— Source material —

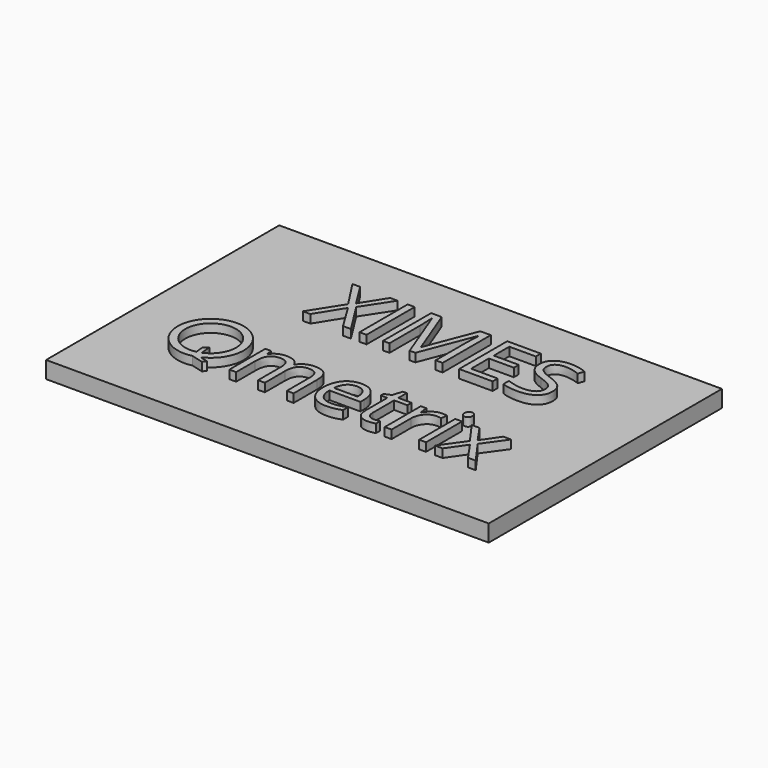
from build123d import *

# Parameters (mm, degrees)
F0_W         = 261.7531362921
F0_H         = 172.3503917456
F0_W_2       = 4.0420560748
F0_H_2       = 26.6744548287
F0_W_3       = 4.1355140187
F0_H_3       = 35.5841121495
F1_DEPTH     = 10
F0_TEXT_SIZE = 49.8442367601
F2_DEPTH     = 15


# Not quite as in the source:
# - Text() gives the source's letters only with a copy of the font that has no kerning and outlines rounded to 1/6400 em; it was checked with that copy


with BuildPart() as f1:
    # F0 (on Top) → F1 (new body)
    with BuildSketch(Plane.XY):
        with Locations((29.5447735116, 5.9954747558)):
            Rectangle(F0_W, F0_H)
        with BuildLine():
            ThreePointArc((-45.0583331062, -42.3228889704), (-55.8059475031, -4.8705779818), (-41.2665927015, -41.0201834508))
            Line((-41.2665927015, -41.0201834508), (-36.3650284708, -42.3228889704))
            Line((-36.3650284708, -42.3228889704), (-37.9992168005, -44.1990144973))
            Line((-37.9992168005, -44.1990144973), (-45.0583331062, -42.3228889704))
        make_face(mode=Mode.SUBTRACT)
        with BuildLine():
            Line((14.8038502761, -42.3830400759), (10.7695823634, -42.3830400759))
            Line((10.7695823634, -42.3830400759), (10.7695823634, -25.0310151538))
            add(Edge.make_bspline(
                [(10.7695823634, -25.0310151538), (10.7695823634, -21.8378687364), (9.4066540145, -20.2451896086)],
                knots=[0, 0, 0, 1, 1, 1], degree=2))
            add(Edge.make_bspline(
                [(9.4066540145, -20.2451896086), (8.0437256656, -18.6525104809), (5.1698938899, -18.6525104809)],
                knots=[0, 0, 0, 1, 1, 1], degree=2))
            add(Edge.make_bspline(
                [(5.1698938899, -18.6525104809), (1.4004234849, -18.6525104809), (-0.4025360167, -20.8176195152)],
                knots=[0, 0, 0, 1, 1, 1], degree=2))
            add(Edge.make_bspline(
                [(-0.4025360167, -20.8176195152), (-2.2054955182, -22.9827285495), (-2.2054955182, -27.4842861819)],
                knots=[0, 0, 0, 1, 1, 1], degree=2))
            Line((-2.2054955182, -27.4842861819), (-2.2054955182, -42.3830400759))
            Line((-2.2054955182, -42.3830400759), (-6.247551593, -42.3830400759))
            Line((-6.247551593, -42.3830400759), (-6.247551593, -25.0310151538))
            add(Edge.make_bspline(
                [(-6.247551593, -25.0310151538), (-6.247551593, -21.8378687364), (-7.6104799419, -20.2451896086)],
                knots=[0, 0, 0, 1, 1, 1], degree=2))
            add(Edge.make_bspline(
                [(-7.6104799419, -20.2451896086), (-8.9734082908, -18.6525104809), (-11.8706045525, -18.6525104809)],
                knots=[0, 0, 0, 1, 1, 1], degree=2))
            add(Edge.make_bspline(
                [(-11.8706045525, -18.6525104809), (-15.6634394435, -18.6525104809), (-17.4274581351, -20.9266537831)],
                knots=[0, 0, 0, 1, 1, 1], degree=2))
            add(Edge.make_bspline(
                [(-17.4274581351, -20.9266537831), (-19.1914768267, -23.2007970853), (-19.1914768267, -28.3877129731)],
                knots=[0, 0, 0, 1, 1, 1], degree=2))
            Line((-19.1914768267, -28.3877129731), (-19.1914768267, -42.3830400759))
            Line((-19.1914768267, -42.3830400759), (-23.2335329014, -42.3830400759))
            Line((-23.2335329014, -42.3830400759), (-23.2335329014, -15.7085852473))
            Line((-23.2335329014, -15.7085852473), (-19.9469285401, -15.7085852473))
            Line((-19.9469285401, -15.7085852473), (-19.2927229326, -19.3612332224))
            Line((-19.2927229326, -19.3612332224), (-19.0980188827, -19.3612332224))
            add(Edge.make_bspline(
                [(-19.0980188827, -19.3612332224), (-17.9531590696, -17.4141927239), (-15.8698257363, -16.3160618828)],
                knots=[0, 0, 0, 1, 1, 1], degree=2))
            add(Edge.make_bspline(
                [(-15.8698257363, -16.3160618828), (-13.786492403, -15.2179310417), (-11.208610783, -15.2179310417)],
                knots=[0, 0, 0, 1, 1, 1], degree=2))
            add(Edge.make_bspline(
                [(-11.208610783, -15.2179310417), (-4.954716702, -15.2179310417), (-3.0310406896, -19.750641322)],
                knots=[0, 0, 0, 1, 1, 1], degree=2))
            Line((-3.0310406896, -19.750641322), (-2.8363366397, -19.750641322))
            add(Edge.make_bspline(
                [(-2.8363366397, -19.750641322), (-1.6447478547, -17.6556257457), (0.6177132045, -16.4367783937)],
                knots=[0, 0, 0, 1, 1, 1], degree=2))
            add(Edge.make_bspline(
                [(0.6177132045, -16.4367783937), (2.8801742637, -15.2179310417), (5.7773705254, -15.2179310417)],
                knots=[0, 0, 0, 1, 1, 1], degree=2))
            add(Edge.make_bspline(
                [(5.7773705254, -15.2179310417), (10.3022926437, -15.2179310417), (12.5530714599, -17.5426973968)],
                knots=[0, 0, 0, 1, 1, 1], degree=2))
            add(Edge.make_bspline(
                [(12.5530714599, -17.5426973968), (14.8038502761, -19.8674637519), (14.8038502761, -24.9842861819)],
                knots=[0, 0, 0, 1, 1, 1], degree=2))
            Line((14.8038502761, -24.9842861819), (14.8038502761, -42.3830400759))
        make_face(mode=Mode.SUBTRACT)
        with BuildLine():
            add(Edge.make_bspline(
                [(39.0094577528, -42.4687098579), (37.1013580643, -42.8736942815), (34.3988658525, -42.8736942815)],
                knots=[0, 0, 0, 1, 1, 1], degree=2))
            add(Edge.make_bspline(
                [(34.3988658525, -42.8736942815), (28.4876508992, -42.8736942815), (25.0647537029, -39.2677752784)],
                knots=[0, 0, 0, 1, 1, 1], degree=2))
            add(Edge.make_bspline(
                [(25.0647537029, -39.2677752784), (21.6418565067, -35.6618562753), (21.6418565067, -29.2677752784)],
                knots=[0, 0, 0, 1, 1, 1], degree=2))
            add(Edge.make_bspline(
                [(21.6418565067, -29.2677752784), (21.6418565067, -22.8113889856), (24.8194266001, -19.0146600136)],
                knots=[0, 0, 0, 1, 1, 1], degree=2))
            add(Edge.make_bspline(
                [(24.8194266001, -19.0146600136), (27.9969966936, -15.2179310417), (33.3552521453, -15.2179310417)],
                knots=[0, 0, 0, 1, 1, 1], degree=2))
            add(Edge.make_bspline(
                [(33.3552521453, -15.2179310417), (38.3630403073, -15.2179310417), (41.283601055, -18.516217646)],
                knots=[0, 0, 0, 1, 1, 1], degree=2))
            add(Edge.make_bspline(
                [(41.283601055, -18.516217646), (44.2041618026, -21.8145042504), (44.2041618026, -27.2194886741)],
                knots=[0, 0, 0, 1, 1, 1], degree=2))
            Line((44.2041618026, -27.2194886741), (44.2041618026, -29.774005808))
            Line((44.2041618026, -29.774005808), (25.8318876593, -29.774005808))
            add(Edge.make_bspline(
                [(25.8318876593, -29.774005808), (25.9564982512, -34.4702674903), (28.2072770674, -36.9040681133)],
                knots=[0, 0, 0, 1, 1, 1], degree=2))
            add(Edge.make_bspline(
                [(28.2072770674, -36.9040681133), (30.4580558836, -39.3378687364), (34.5468409304, -39.3378687364)],
                knots=[0, 0, 0, 1, 1, 1], degree=2))
            add(Edge.make_bspline(
                [(34.5468409304, -39.3378687364), (38.8536945129, -39.3378687364), (43.0593019895, -37.5388033158)],
                knots=[0, 0, 0, 1, 1, 1], degree=2))
            Line((43.0593019895, -37.5388033158), (43.0593019895, -41.1447223189))
            add(Edge.make_bspline(
                [(43.0593019895, -41.1447223189), (40.9175574413, -42.0637254342), (39.0094577528, -42.4687098579)],
                knots=[0, 0, 0, 1, 1, 1], degree=2))
        make_face(mode=Mode.SUBTRACT)
        with BuildLine():
            add(Edge.make_bspline(
                [(56.5717630487, -38.2436319762), (57.7166228618, -39.5325727862), (59.7103923322, -39.5325727862)],
                knots=[0, 0, 0, 1, 1, 1], degree=2))
            add(Edge.make_bspline(
                [(59.7103923322, -39.5325727862), (60.7851586874, -39.5325727862), (61.7820434226, -39.3768095463)],
                knots=[0, 0, 0, 1, 1, 1], degree=2))
            add(Edge.make_bspline(
                [(61.7820434226, -39.3768095463), (62.7789281578, -39.2210463065), (63.3630403073, -39.0497067426)],
                knots=[0, 0, 0, 1, 1, 1], degree=2))
            Line((63.3630403073, -39.0497067426), (63.3630403073, -42.1416070541))
            add(Edge.make_bspline(
                [(63.3630403073, -42.1416070541), (62.7088346998, -42.4531335339), (61.4315761328, -42.6634139077)],
                knots=[0, 0, 0, 1, 1, 1], degree=2))
            add(Edge.make_bspline(
                [(61.4315761328, -42.6634139077), (60.1543175659, -42.8736942815), (59.1262801827, -42.8736942815)],
                knots=[0, 0, 0, 1, 1, 1], degree=2))
            add(Edge.make_bspline(
                [(59.1262801827, -42.8736942815), (51.3926353229, -42.8736942815), (51.3926353229, -34.7194886741)],
                knots=[0, 0, 0, 1, 1, 1], degree=2))
            Line((51.3926353229, -34.7194886741), (51.3926353229, -18.8472145308))
            Line((51.3926353229, -18.8472145308), (47.5686477839, -18.8472145308))
            Line((47.5686477839, -18.8472145308), (47.5686477839, -16.9001740323))
            Line((47.5686477839, -16.9001740323), (51.3926353229, -15.2179310417))
            Line((51.3926353229, -15.2179310417), (53.0904546375, -9.5247846242))
            Line((53.0904546375, -9.5247846242), (55.4269032356, -9.5247846242))
            Line((55.4269032356, -9.5247846242), (55.4269032356, -15.7085852473))
            Line((55.4269032356, -15.7085852473), (63.1683362575, -15.7085852473))
            Line((63.1683362575, -15.7085852473), (63.1683362575, -18.8472145308))
            Line((63.1683362575, -18.8472145308), (55.4269032356, -18.8472145308))
            Line((55.4269032356, -18.8472145308), (55.4269032356, -34.5481491102))
            add(Edge.make_bspline(
                [(55.4269032356, -34.5481491102), (55.4269032356, -36.9546911663), (56.5717630487, -38.2436319762)],
                knots=[0, 0, 0, 1, 1, 1], degree=2))
        make_face(mode=Mode.SUBTRACT)
        with BuildLine():
            add(Edge.make_bspline(
                [(76.260236569, -16.6314824435), (78.3552521453, -15.2179310417), (80.8630403073, -15.2179310417)],
                knots=[0, 0, 0, 1, 1, 1], degree=2))
            add(Edge.make_bspline(
                [(80.8630403073, -15.2179310417), (82.6387412419, -15.2179310417), (84.0483985628, -15.5138811974)],
                knots=[0, 0, 0, 1, 1, 1], degree=2))
            Line((84.0483985628, -15.5138811974), (83.4876508992, -19.2599871164))
            add(Edge.make_bspline(
                [(83.4876508992, -19.2599871164), (81.8365605565, -18.8939435027), (80.5670901515, -18.8939435027)],
                knots=[0, 0, 0, 1, 1, 1], degree=2))
            add(Edge.make_bspline(
                [(80.5670901515, -18.8939435027), (77.3272147621, -18.8939435027), (75.029706974, -21.5224481756)],
                knots=[0, 0, 0, 1, 1, 1], degree=2))
            add(Edge.make_bspline(
                [(75.029706974, -21.5224481756), (72.7321991858, -24.1509528485), (72.7321991858, -28.0683983314)],
                knots=[0, 0, 0, 1, 1, 1], degree=2))
            Line((72.7321991858, -28.0683983314), (72.7321991858, -42.3830400759))
            Line((72.7321991858, -42.3830400759), (68.690143111, -42.3830400759))
            Line((68.690143111, -42.3830400759), (68.690143111, -15.7085852473))
            Line((68.690143111, -15.7085852473), (72.0234764444, -15.7085852473))
            Line((72.0234764444, -15.7085852473), (72.490766164, -20.6462799513))
            Line((72.490766164, -20.6462799513), (72.6854702138, -20.6462799513))
            add(Edge.make_bspline(
                [(72.6854702138, -20.6462799513), (74.1652209927, -18.0450338454), (76.260236569, -16.6314824435)],
                knots=[0, 0, 0, 1, 1, 1], degree=2))
        make_face(mode=Mode.SUBTRACT)
        with Locations((91.0616384381, -29.0458126616)):
            Rectangle(F0_W_2, F0_H_2, mode=Mode.SUBTRACT)
        with BuildLine():
            add(Edge.make_bspline(
                [(89.3793954475, -10.5138811974), (88.697931273, -9.844099266), (88.697931273, -8.4811709171)],
                knots=[0, 0, 0, 1, 1, 1], degree=2))
            add(Edge.make_bspline(
                [(88.697931273, -8.4811709171), (88.697931273, -7.0948780822), (89.3793954475, -6.4484606367)],
                knots=[0, 0, 0, 1, 1, 1], degree=2))
            add(Edge.make_bspline(
                [(89.3793954475, -6.4484606367), (90.0608596219, -5.8020431912), (91.0888970051, -5.8020431912)],
                knots=[0, 0, 0, 1, 1, 1], degree=2))
            add(Edge.make_bspline(
                [(91.0888970051, -5.8020431912), (92.0624172543, -5.8020431912), (92.7672459148, -6.4601428797)],
                knots=[0, 0, 0, 1, 1, 1], degree=2))
            add(Edge.make_bspline(
                [(92.7672459148, -6.4601428797), (93.4720745752, -7.1182425681), (93.4720745752, -8.4811709171)],
                knots=[0, 0, 0, 1, 1, 1], degree=2))
            add(Edge.make_bspline(
                [(93.4720745752, -8.4811709171), (93.4720745752, -9.844099266), (92.7672459148, -10.5138811974)],
                knots=[0, 0, 0, 1, 1, 1], degree=2))
            add(Edge.make_bspline(
                [(92.7672459148, -10.5138811974), (92.0624172543, -11.1836631289), (91.0888970051, -11.1836631289)],
                knots=[0, 0, 0, 1, 1, 1], degree=2))
            add(Edge.make_bspline(
                [(91.0888970051, -11.1836631289), (90.0608596219, -11.1836631289), (89.3793954475, -10.5138811974)],
                knots=[0, 0, 0, 1, 1, 1], degree=2))
        make_face(mode=Mode.SUBTRACT)
        Polygon((98.3163113353, -42.3830400759), (108.0748783135, -28.7303921009), (98.799177379, -15.7085852473), (103.4019811173, -15.7085852473), (110.4346913976, -25.9266537831), (117.444037192, -15.7085852473), (122.0001119584, -15.7085852473), (112.7244110238, -28.7303921009), (122.482978002, -42.3830400759), (117.9113269117, -42.3830400759), (110.4346913976, -31.5730712286), (102.8879624257, -42.3830400759), align=None, mode=Mode.SUBTRACT)
        Polygon((-16.6011314449, 43.1183571619), (-4.7241844044, 24.3800394049), (-9.4204460866, 24.3800394049), (-18.984309015, 40.0264568504), (-28.7195115072, 24.3800394049), (-33.1042467097, 24.3800394049), (-21.2740286411, 42.978170246), (-32.3020660243, 59.9641515544), (-27.722626772, 59.9641515544), (-18.8908510711, 45.8675783457), (-9.9811937502, 59.9641515544), (-5.5808822237, 59.9641515544), align=None, mode=Mode.SUBTRACT)
        with Locations((2.4292423869, 42.1720954797)):
            Rectangle(F0_W_3, F0_H_3, mode=Mode.SUBTRACT)
        with BuildLine():
            Line((33.3365632592, 24.3800394049), (30.0032299258, 24.3800394049))
            Line((30.0032299258, 24.3800394049), (17.9315788355, 55.9220954797))
            Line((17.9315788355, 55.9220954797), (17.7368747856, 55.9220954797))
            add(Edge.make_bspline(
                [(17.7368747856, 55.9220954797), (18.0795539134, 52.1759895607), (18.0795539134, 47.0124381588)],
                knots=[0, 0, 0, 1, 1, 1], degree=2))
            Line((18.0795539134, 47.0124381588), (18.0795539134, 24.3800394049))
            Line((18.0795539134, 24.3800394049), (14.2555663744, 24.3800394049))
            Line((14.2555663744, 24.3800394049), (14.2555663744, 59.9641515544))
            Line((14.2555663744, 59.9641515544), (20.4860959694, 59.9641515544))
            Line((20.4860959694, 59.9641515544), (31.7555663744, 30.6105689999))
            Line((31.7555663744, 30.6105689999), (31.9502704243, 30.6105689999))
            Line((31.9502704243, 30.6105689999), (43.3131987732, 59.9641515544))
            Line((43.3131987732, 59.9641515544), (49.4969993962, 59.9641515544))
            Line((49.4969993962, 59.9641515544), (49.4969993962, 24.3800394049))
            Line((49.4969993962, 24.3800394049), (45.3614853775, 24.3800394049))
            Line((45.3614853775, 24.3800394049), (45.3614853775, 47.3083883146))
            add(Edge.make_bspline(
                [(45.3614853775, 47.3083883146), (45.3614853775, 51.2491982834), (45.7041645053, 55.8753665077)],
                knots=[0, 0, 0, 1, 1, 1], degree=2))
            Line((45.7041645053, 55.8753665077), (45.5094604554, 55.8753665077))
            Line((45.5094604554, 55.8753665077), (33.3365632592, 24.3800394049))
        make_face(mode=Mode.SUBTRACT)
        Polygon((79.0920149726, 28.0794163519), (79.0920149726, 24.3800394049), (59.2555663744, 24.3800394049), (59.2555663744, 59.9641515544), (79.0920149726, 59.9641515544), (79.0920149726, 56.2881390934), (63.3910803931, 56.2881390934), (63.3910803931, 44.8239646385), (78.1418592093, 44.8239646385), (78.1418592093, 41.1713166635), (63.3910803931, 41.1713166635), (63.3910803931, 28.0794163519), align=None, mode=Mode.SUBTRACT)
        with BuildLine():
            add(Edge.make_bspline(
                [(104.9487127919, 39.7850238286), (107.0515165302, 37.4953042024), (107.0515165302, 33.8504443893)],
                knots=[0, 0, 0, 1, 1, 1], degree=2))
            add(Edge.make_bspline(
                [(107.0515165302, 33.8504443893), (107.0515165302, 29.1541827071), (103.6441956579, 26.5217839532)],
                knots=[0, 0, 0, 1, 1, 1], degree=2))
            add(Edge.make_bspline(
                [(103.6441956579, 26.5217839532), (100.2368747856, 23.8893851993), (94.3957532903, 23.8893851993)],
                knots=[0, 0, 0, 1, 1, 1], degree=2))
            add(Edge.make_bspline(
                [(94.3957532903, 23.8893851993), (88.0717657514, 23.8893851993), (84.6605507981, 25.524899218)],
                knots=[0, 0, 0, 1, 1, 1], degree=2))
            Line((84.6605507981, 25.524899218), (84.6605507981, 29.5124381588))
            add(Edge.make_bspline(
                [(84.6605507981, 29.5124381588), (86.8568124803, 28.5934350435), (89.4346941003, 28.056051866)],
                knots=[0, 0, 0, 1, 1, 1], degree=2))
            add(Edge.make_bspline(
                [(89.4346941003, 28.056051866), (92.0125757202, 27.5186686884), (94.5437283682, 27.5186686884)],
                knots=[0, 0, 0, 1, 1, 1], degree=2))
            add(Edge.make_bspline(
                [(94.5437283682, 27.5186686884), (98.6792423869, 27.5186686884), (100.7742579632, 29.0879833301)],
                knots=[0, 0, 0, 1, 1, 1], degree=2))
            add(Edge.make_bspline(
                [(100.7742579632, 29.0879833301), (102.8692735395, 30.6572979719), (102.8692735395, 33.4610362896)],
                knots=[0, 0, 0, 1, 1, 1], degree=2))
            add(Edge.make_bspline(
                [(102.8692735395, 33.4610362896), (102.8692735395, 35.3068306822), (102.1255040691, 36.4867372242)],
                knots=[0, 0, 0, 1, 1, 1], degree=2))
            add(Edge.make_bspline(
                [(102.1255040691, 36.4867372242), (101.3817345987, 37.6666437663), (99.6410803931, 38.6674225825)],
                knots=[0, 0, 0, 1, 1, 1], degree=2))
            add(Edge.make_bspline(
                [(99.6410803931, 38.6674225825), (97.9004261875, 39.6682013987), (94.3490243184, 40.9298836417)],
                knots=[0, 0, 0, 1, 1, 1], degree=2))
            add(Edge.make_bspline(
                [(94.3490243184, 40.9298836417), (89.3879651283, 42.7055845762), (87.257902823, 45.1393851993)],
                knots=[0, 0, 0, 1, 1, 1], degree=2))
            add(Edge.make_bspline(
                [(87.257902823, 45.1393851993), (85.1278405177, 47.5731858223), (85.1278405177, 51.4906313052)],
                knots=[0, 0, 0, 1, 1, 1], degree=2))
            add(Edge.make_bspline(
                [(85.1278405177, 51.4906313052), (85.1278405177, 55.6027808379), (88.2158467483, 58.036581461)],
                knots=[0, 0, 0, 1, 1, 1], degree=2))
            add(Edge.make_bspline(
                [(88.2158467483, 58.036581461), (91.3038529788, 60.470382084), (96.3973109227, 60.470382084)],
                knots=[0, 0, 0, 1, 1, 1], degree=2))
            add(Edge.make_bspline(
                [(96.3973109227, 60.470382084), (101.7010492405, 60.470382084), (106.1558779009, 58.5233415856)],
                knots=[0, 0, 0, 1, 1, 1], degree=2))
            Line((106.1558779009, 58.5233415856), (104.8630430099, 54.9252107445))
            add(Edge.make_bspline(
                [(104.8630430099, 54.9252107445), (100.4549433215, 56.771005137), (96.2960648168, 56.771005137)],
                knots=[0, 0, 0, 1, 1, 1], degree=2))
            add(Edge.make_bspline(
                [(96.2960648168, 56.771005137), (93.0094604554, 56.771005137), (91.1597719819, 55.3613478161)],
                knots=[0, 0, 0, 1, 1, 1], degree=2))
            add(Edge.make_bspline(
                [(91.1597719819, 55.3613478161), (89.3100835084, 53.9516904952), (89.3100835084, 51.4439023333)],
                knots=[0, 0, 0, 1, 1, 1], degree=2))
            add(Edge.make_bspline(
                [(89.3100835084, 51.4439023333), (89.3100835084, 49.5981079407), (89.9915476828, 48.4143073177)],
                knots=[0, 0, 0, 1, 1, 1], degree=2))
            add(Edge.make_bspline(
                [(89.9915476828, 48.4143073177), (90.6730118573, 47.2305066946), (92.292949552, 46.2453042024)],
                knots=[0, 0, 0, 1, 1, 1], degree=2))
            add(Edge.make_bspline(
                [(92.292949552, 46.2453042024), (93.9128872467, 45.2601017102), (97.24622058, 44.0685129252)],
                knots=[0, 0, 0, 1, 1, 1], degree=2))
            add(Edge.make_bspline(
                [(97.24622058, 44.0685129252), (102.8459090536, 42.0747434547), (104.9487127919, 39.7850238286)],
                knots=[0, 0, 0, 1, 1, 1], degree=2))
        make_face(mode=Mode.SUBTRACT)
    extrude(amount=F1_DEPTH)



with BuildPart() as f1b:
    # F0 (on Top) → F1, piece 2 (new body)
    with BuildSketch(Plane.XY):
        with BuildLine():
            ThreePointArc((-43.7490858011, -37.1871398378), (-53.9394303244, -9.0020291393), (-46.276672768, -37.9765995973))
            Line((-46.276672768, -37.9765995973), (-46.6589570613, -33.0732026998))
            Line((-46.6589570613, -33.0732026998), (-44.2494047513, -30.769762951))
            Line((-44.2494047513, -30.769762951), (-43.7490858011, -37.1871398378))
        make_face()
    extrude(amount=F1_DEPTH)


with BuildPart() as f1c:
    # F0 (on Top) → F1, piece 3 (new body)
    with BuildSketch(Plane.XY):
        with BuildLine():
            add(Edge.make_bspline(
                [(38.1722303385, -20.6384917893), (36.4705169428, -18.605781509), (33.3007350114, -18.605781509)],
                knots=[0, 0, 0, 1, 1, 1], degree=2))
            add(Edge.make_bspline(
                [(33.3007350114, -18.605781509), (30.0920122699, -18.605781509), (28.1800185004, -20.6969030043)],
                knots=[0, 0, 0, 1, 1, 1], degree=2))
            add(Edge.make_bspline(
                [(28.1800185004, -20.6969030043), (26.268024731, -22.7880244996), (25.9253456033, -26.4874014467)],
                knots=[0, 0, 0, 1, 1, 1], degree=2))
            Line((25.9253456033, -26.4874014467), (39.8739437341, -26.4874014467))
            add(Edge.make_bspline(
                [(39.8739437341, -26.4874014467), (39.8739437341, -22.6712020697), (38.1722303385, -20.6384917893)],
                knots=[0, 0, 0, 1, 1, 1], degree=2))
        make_face()
    extrude(amount=F1_DEPTH)


with BuildPart() as f1_1:
    add(f1.part)

    add(f1b.part)  # F2 merges F1b

    add(f1c.part)  # F2 merges F1c
    # F0 (on Top) → F2 (join)
    with BuildSketch(Plane.XY):
        with BuildLine():
            Line((-36.3650284708, -42.3228889704), (-41.2665927015, -41.0201834508))
            ThreePointArc((-41.2665927015, -41.0201834508), (-55.8059475031, -4.8705779818), (-45.0583331062, -42.3228889704))
            Line((-45.0583331062, -42.3228889704), (-37.9992168005, -44.1990144973))
            Line((-37.9992168005, -44.1990144973), (-36.3650284708, -42.3228889704))
        make_face()
        with BuildLine():
            Line((-46.6589570613, -33.0732026998), (-46.276672768, -37.9765995973))
            ThreePointArc((-46.276672768, -37.9765995973), (-53.9394303244, -9.0020291393), (-43.7490858011, -37.1871398378))
            Line((-43.7490858011, -37.1871398378), (-44.2494047513, -30.769762951))
            Line((-44.2494047513, -30.769762951), (-46.6589570613, -33.0732026998))
        make_face(mode=Mode.SUBTRACT)
        with Locations((-27.517021998, -42.3830400759)):
            Text('metrix', F0_TEXT_SIZE, font='Open Sans', text_align=(TextAlign.LEFT, TextAlign.BOTTOM))
        with Locations((-33.2989507595, 24.3800394049)):
            Text('XIMES', F0_TEXT_SIZE, font='Open Sans', text_align=(TextAlign.LEFT, TextAlign.BOTTOM))
    extrude(amount=F2_DEPTH)


solid = f1_1.part

— Exercise description —
Could you copy every line in the records that holds "BuildPart"?

— Task output —
with BuildPart() as f1:
with BuildPart() as f1b:
with BuildPart() as f1c:
with BuildPart() as f1_1:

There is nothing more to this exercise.